PT. Bangun Prima Cipta Dipanggil BPSK, DPP BIAS Desak Pertanggungjawaban
Tangerang| Suaralintasindonesia.com – Satu langkah penting menuju keadilan bagi konsumen akhirnya terwujud. Badan Penyelesaian Sengketa Konsumen (BPSK) Kota Tangerang resmi mengundang pihak pelapor dalam perkara yang menyeret nama pengembang properti, PT. Bangun Prima Cipta (BPC), atas dugaan wanprestasi dan pelanggaran hak dasar konsumen di Perumahan Royal Permata Blok B dan C.
Pemanggilan ini tidak hadir begitu saja. Ia lahir dari tekanan dan desakan keras dari Dewan Pimpinan Pusat Badan Independent Anti Suap Indonesia (DPP BIAS), yang sejak awal komitmen membela warga. Laporan yang diajukan DPP BIAS menyoroti kegagalan BPC merealisasikan janji fasilitas air bersih Aetra, meski konsumen telah melunasi kewajiban pembayaran.
“Warga dijanjikan air bersih, tapi yang mereka dapat hanya tekanan mental. Setiap hari mereka harus berjuang sendiri untuk kebutuhan dasar, sementara pengembang seolah cuci tangan. Ini bukan kelalaian biasa ini pengkhianatan terhadap amanah publik,” tegas Eky Amartin, Ketua Umum DPP BIAS Indonesia. Jumat (23/05/2025).
Langkah BPSK mengeluarkan undangan resmi untuk klarifikasi menjadi titik terang sekaligus pintu masuk penyelesaian hukum yang lebih tegas.
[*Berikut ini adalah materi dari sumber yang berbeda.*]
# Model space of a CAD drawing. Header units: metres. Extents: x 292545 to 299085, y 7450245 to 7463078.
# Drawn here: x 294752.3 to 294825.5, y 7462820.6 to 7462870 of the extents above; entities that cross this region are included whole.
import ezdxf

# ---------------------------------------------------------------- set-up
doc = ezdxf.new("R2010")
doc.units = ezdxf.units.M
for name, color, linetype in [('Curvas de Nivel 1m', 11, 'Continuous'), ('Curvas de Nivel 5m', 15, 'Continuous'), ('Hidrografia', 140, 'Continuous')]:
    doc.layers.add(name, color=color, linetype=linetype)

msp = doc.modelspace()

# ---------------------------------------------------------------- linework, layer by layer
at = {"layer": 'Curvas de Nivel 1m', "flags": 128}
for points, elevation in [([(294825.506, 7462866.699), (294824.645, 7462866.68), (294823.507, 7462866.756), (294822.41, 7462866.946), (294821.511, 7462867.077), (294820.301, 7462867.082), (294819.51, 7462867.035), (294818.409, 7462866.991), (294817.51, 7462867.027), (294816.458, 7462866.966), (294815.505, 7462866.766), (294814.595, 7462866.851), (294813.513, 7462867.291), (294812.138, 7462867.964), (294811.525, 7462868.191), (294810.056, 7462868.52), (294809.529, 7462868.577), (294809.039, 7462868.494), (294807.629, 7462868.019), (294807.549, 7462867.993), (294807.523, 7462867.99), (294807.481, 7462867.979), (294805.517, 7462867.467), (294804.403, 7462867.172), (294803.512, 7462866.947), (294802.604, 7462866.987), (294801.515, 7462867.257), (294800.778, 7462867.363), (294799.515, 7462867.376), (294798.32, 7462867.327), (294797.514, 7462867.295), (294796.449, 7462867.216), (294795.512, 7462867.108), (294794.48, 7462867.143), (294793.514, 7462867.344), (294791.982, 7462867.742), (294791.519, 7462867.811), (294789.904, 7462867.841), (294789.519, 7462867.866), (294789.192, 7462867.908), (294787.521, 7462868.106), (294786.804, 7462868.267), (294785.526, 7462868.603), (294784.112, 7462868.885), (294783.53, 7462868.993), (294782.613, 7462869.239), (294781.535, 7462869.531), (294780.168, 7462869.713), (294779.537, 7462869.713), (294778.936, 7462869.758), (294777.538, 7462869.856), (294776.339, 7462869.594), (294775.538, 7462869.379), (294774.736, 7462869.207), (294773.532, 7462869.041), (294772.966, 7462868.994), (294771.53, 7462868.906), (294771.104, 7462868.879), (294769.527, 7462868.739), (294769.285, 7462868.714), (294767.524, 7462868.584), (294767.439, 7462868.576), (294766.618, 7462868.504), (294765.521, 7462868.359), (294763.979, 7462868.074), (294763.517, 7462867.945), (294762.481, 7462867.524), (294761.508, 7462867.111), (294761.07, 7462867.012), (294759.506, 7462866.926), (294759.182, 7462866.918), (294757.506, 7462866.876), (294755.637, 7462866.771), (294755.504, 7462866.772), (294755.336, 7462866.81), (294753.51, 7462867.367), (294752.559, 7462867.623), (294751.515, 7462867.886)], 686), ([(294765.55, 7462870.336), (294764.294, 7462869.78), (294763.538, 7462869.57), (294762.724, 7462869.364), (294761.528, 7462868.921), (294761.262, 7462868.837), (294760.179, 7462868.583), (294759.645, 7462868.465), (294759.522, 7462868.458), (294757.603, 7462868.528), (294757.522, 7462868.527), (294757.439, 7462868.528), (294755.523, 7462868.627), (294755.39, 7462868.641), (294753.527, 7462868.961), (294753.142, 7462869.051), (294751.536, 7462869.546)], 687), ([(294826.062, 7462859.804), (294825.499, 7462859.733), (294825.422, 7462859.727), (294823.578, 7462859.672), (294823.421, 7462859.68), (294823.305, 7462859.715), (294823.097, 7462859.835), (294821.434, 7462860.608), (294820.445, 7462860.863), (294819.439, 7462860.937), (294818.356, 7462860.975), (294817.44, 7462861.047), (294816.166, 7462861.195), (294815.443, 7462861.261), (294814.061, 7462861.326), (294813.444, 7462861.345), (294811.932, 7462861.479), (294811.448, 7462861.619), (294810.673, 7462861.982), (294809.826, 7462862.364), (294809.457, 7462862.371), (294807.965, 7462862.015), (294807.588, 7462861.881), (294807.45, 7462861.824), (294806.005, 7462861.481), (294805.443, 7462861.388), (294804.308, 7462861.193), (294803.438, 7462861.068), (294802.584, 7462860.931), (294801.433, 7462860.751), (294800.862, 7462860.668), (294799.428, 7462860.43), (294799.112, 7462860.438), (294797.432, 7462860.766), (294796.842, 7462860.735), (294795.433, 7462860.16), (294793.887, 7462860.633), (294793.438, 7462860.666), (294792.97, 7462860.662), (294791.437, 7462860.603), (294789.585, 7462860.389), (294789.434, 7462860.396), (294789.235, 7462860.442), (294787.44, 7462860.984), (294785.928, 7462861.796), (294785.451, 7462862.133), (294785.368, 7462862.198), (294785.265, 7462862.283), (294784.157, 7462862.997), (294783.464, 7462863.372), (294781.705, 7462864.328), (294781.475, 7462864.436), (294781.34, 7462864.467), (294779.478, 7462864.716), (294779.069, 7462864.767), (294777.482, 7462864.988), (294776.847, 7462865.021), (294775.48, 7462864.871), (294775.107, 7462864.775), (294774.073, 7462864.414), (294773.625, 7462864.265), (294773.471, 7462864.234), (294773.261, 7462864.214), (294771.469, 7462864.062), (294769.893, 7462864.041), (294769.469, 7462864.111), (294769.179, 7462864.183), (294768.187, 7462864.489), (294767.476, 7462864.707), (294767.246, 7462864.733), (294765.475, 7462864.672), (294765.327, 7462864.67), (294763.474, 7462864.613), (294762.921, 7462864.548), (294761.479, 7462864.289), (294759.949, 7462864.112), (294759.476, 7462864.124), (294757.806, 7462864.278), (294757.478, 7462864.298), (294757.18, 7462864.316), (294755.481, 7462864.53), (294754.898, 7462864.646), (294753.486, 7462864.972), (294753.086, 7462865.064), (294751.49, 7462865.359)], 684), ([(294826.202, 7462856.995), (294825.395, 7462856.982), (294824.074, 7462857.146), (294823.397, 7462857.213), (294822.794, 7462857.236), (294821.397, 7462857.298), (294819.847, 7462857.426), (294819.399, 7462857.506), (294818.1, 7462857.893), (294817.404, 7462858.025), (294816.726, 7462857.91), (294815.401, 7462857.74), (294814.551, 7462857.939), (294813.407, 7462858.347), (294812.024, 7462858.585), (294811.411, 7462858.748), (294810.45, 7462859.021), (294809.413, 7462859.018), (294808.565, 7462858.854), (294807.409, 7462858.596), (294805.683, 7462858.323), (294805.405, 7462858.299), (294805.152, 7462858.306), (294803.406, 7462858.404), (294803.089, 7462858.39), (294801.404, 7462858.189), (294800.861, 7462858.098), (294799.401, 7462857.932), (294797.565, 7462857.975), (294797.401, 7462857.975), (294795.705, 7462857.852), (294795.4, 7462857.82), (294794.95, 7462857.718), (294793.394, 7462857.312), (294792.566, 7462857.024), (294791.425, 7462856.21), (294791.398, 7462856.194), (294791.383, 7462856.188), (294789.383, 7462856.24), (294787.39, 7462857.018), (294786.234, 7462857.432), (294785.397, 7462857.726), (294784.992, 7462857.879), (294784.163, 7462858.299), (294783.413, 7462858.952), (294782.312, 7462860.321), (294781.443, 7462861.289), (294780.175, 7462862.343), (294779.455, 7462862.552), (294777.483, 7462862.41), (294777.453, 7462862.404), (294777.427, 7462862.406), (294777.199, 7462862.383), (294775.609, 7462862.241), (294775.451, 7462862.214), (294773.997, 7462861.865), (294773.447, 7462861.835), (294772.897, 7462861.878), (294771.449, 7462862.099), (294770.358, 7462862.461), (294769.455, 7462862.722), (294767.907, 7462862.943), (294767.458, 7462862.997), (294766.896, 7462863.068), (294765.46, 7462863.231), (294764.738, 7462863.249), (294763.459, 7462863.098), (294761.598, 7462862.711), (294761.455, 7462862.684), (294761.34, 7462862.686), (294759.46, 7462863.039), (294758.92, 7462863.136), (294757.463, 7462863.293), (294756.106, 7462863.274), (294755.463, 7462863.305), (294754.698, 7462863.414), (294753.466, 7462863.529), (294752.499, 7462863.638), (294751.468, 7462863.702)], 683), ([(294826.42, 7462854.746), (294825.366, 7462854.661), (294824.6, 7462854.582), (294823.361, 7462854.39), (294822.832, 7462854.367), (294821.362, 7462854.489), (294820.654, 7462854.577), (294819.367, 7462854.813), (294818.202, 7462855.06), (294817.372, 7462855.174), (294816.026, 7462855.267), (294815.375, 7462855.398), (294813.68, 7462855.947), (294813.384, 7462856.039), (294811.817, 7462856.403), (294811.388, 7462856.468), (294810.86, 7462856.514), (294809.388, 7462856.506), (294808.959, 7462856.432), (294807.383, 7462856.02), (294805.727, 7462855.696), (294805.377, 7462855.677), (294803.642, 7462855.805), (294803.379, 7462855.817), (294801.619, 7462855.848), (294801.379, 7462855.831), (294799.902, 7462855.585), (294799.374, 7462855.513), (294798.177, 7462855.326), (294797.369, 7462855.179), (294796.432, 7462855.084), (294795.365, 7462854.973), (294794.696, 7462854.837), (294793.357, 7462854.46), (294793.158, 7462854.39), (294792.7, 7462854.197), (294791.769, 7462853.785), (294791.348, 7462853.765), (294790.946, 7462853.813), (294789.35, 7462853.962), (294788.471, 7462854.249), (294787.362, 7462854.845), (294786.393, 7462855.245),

Klarifikasi dijadwalkan pada Rabu, 28 Mei 2025 pukul 14.00 WIB, bertempat di Kantor BPSK Wilayah Kota Tangerang, dan akan menjadi ajang penting untuk membongkar fakta serta menguji keseriusan PT. Bangun Prima Cipta dalam menghadapi persoalan ini.
Baca Juga :
https://kin.co.id/janji-busuk-pt-bangun-prima-cipta-dilaporkan-ke-bpkn-ri/
Menurut DPP BIAS, pemanggilan ini merupakan prestasi moral rakyat sipil. Di tengah banyaknya kasus sengketa perumahan yang mandek atau tidak tersentuh aparat, keberanian warga menggandeng lembaga pengawasan seperti DPP BIAS terbukti mampu menggugah mekanisme hukum untuk bergerak.
“Kami hadir bukan membawa keluhan, tapi membawa tuntutan. PT. Bangun Prima Cipta harus menjelaskan, bertanggung jawab, dan menyelesaikan. Jika tidak, kami pastikan tekanan akan kami tingkatkan hingga ranah perdata bahkan pidana,” lanjut Eky dengan nada tegas.
DPP BIAS juga menyoroti indikasi praktik manipulatif yang kerap dimainkan pengembang dengan menyisipkan fasilitas fiktif dalam materi promosi untuk memikat konsumen. Dalam kasus ini, keberadaan sambungan air bersih Aetra dijadikan nilai jual, namun tidak pernah direalisasikan. Warga merasa dibohongi, dan dibiarkan menyelesaikan persoalan hidupnya sendiri setelah kunci rumah diserahkan.
“Air bersih bukan fasilitas mewah, ini hak asasi. Tapi yang terjadi, warga dipaksa hidup tanpa kepastian, sementara pengembang menikmati hasil penjualan tanpa beban. Ini pelanggaran moral, bukan sekadar wanprestasi,” tambahnya.
Proses klarifikasi di BPSK ini diyakini akan menjadi cermin penting: apakah negara benar-benar berpihak pada rakyat, atau masih tunduk pada kekuasaan modal? DPP BIAS menyatakan akan hadir lengkap bersama warga, membawa bukti, dokumentasi, dan kronologi secara menyeluruh untuk memastikan suara konsumen tak lagi disepelekan.
“Kami tidak takut hadapi siapa pun. Jika satu pengembang bisa ditarik ke meja keadilan, maka ini akan menjadi preseden kuat bagi pengembang lain untuk tidak lagi bermain-main dengan nasib masyarakat kecil,” tutup Eky.
Kini bola panas ada di tangan PT. Bangun Prima Cipta. Hadir atau mangkir di hadapan BPSK akan menunjukkan arah sikap mereka : bertanggung jawab atau terus bersembunyi. DPP BIAS sudah menyalakan bara. Perlawanan konsumen bukan lagi bisikan ia sudah berubah menjadi ledakan kesadaran publik.